# Activity
Each line from the one holding "extrude(amount=CUT_EXTRUDE_2_DEPTH, mode=Mode.SUBTRACT)" to the end of the data below must be output verbatim, with no other lines.

# Source records
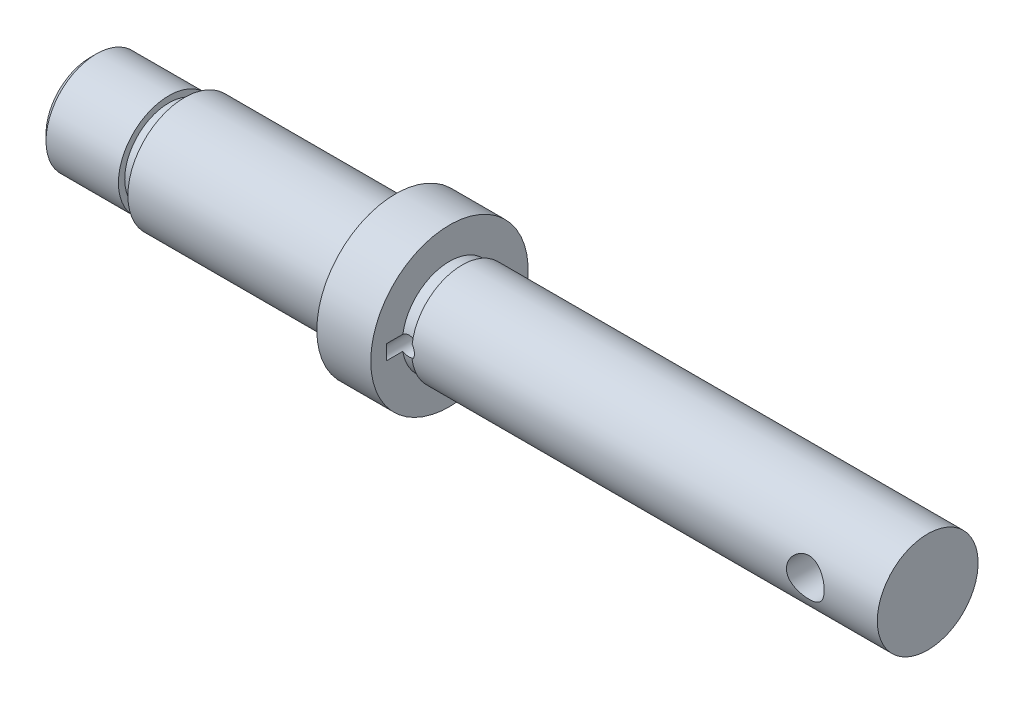
from build123d import *

# Parameters (mm, degrees)
CUT_EXTRUDE_1_DEPTH      = 135.169668703
CUT_EXTRUDE_1_DEPTH_BACK = 135.169668703
SKETCH_4_R               = 3
SKETCH_5_R               = 1.5
CUT_EXTRUDE_2_DEPTH      = 10
CHAMFER_1_SIZE           = 1


with BuildPart() as part:
    # 草图1 → 旋转1 (revolve)
    with BuildSketch(Plane.XY, mode=Mode.PRIVATE) as revolve_1_sk:
        Polygon((0, 0), (0, 8), (-73.934886909, 8), (-73.934886909, 7.5), (-75.934886909, 7.5), (-75.934886909, 12.5), (-84.5, 12.5), (-84.5, 8.5), (-86.5, 8.5), (-86.5, 9), (-118, 9), (-118, 7), (-120.5, 7), (-120.5, 8), (-133, 8), (-133, 0), align=None)
    revolve(revolve_1_sk.sketch.rotate(Axis((0, 0, 0), (1, 0, 0)), 90), axis=Axis((0, 0, 0), (1, 0, 0)))

    # 草图3 → 切除-旋转3 (revolve, cut)
    with BuildSketch(Plane.XY, mode=Mode.PRIVATE) as cut_revolve_3_sk:
        with BuildLine():
            Line((-133, 3.866025404), (-131.5, 3))
            Line((-131.5, 3), (-125, 3))
            Line((-125, 3), (-125, 1.5))
            Line((-125, 1.5), (-75, 1.5))
            ThreePointArc((-75, 1.5), (-73.939339828, 1.060660172), (-73.5, 0))
            Line((-73.5, 0), (-133, 0))
            Line((-133, 0), (-133, 3.866025404))
        make_face()
    revolve(cut_revolve_3_sk.sketch.rotate(Axis((-133, 0, 0), (1, 0, 0)), 90), axis=Axis((-133, 0, 0), (1, 0, 0)), mode=Mode.SUBTRACT)

    # 草图4 → 切除-拉伸1 (cut, two sides: drawn at the far end of the back side and taken through both)
    with BuildSketch(Plane.XY.offset(-CUT_EXTRUDE_1_DEPTH_BACK)):
        with Locations((-11.434886909, 0)):
            Circle(SKETCH_4_R)
    extrude(amount=CUT_EXTRUDE_1_DEPTH + CUT_EXTRUDE_1_DEPTH_BACK, mode=Mode.SUBTRACT)

    # 草图5 → 切除-拉伸2 (cut)
    with BuildSketch(Plane.XY):
        with Locations((-75, 0)):
            Circle(SKETCH_5_R)
    extrude(amount=CUT_EXTRUDE_2_DEPTH, mode=Mode.SUBTRACT)

    # 倒角1
    chamfer_1_edges = [part.edges().sort_by_distance(p)[0] for p in [
        (-133, 0, -8),
    ]]
    chamfer(chamfer_1_edges, length=CHAMFER_1_SIZE)


solid = part.part

# Exercise response
    extrude(amount=CUT_EXTRUDE_2_DEPTH, mode=Mode.SUBTRACT)

    # 倒角1
    chamfer_1_edges = [part.edges().sort_by_distance(p)[0] for p in [
        (-133, 0, -8),
    ]]
    chamfer(chamfer_1_edges, length=CHAMFER_1_SIZE)


solid = part.part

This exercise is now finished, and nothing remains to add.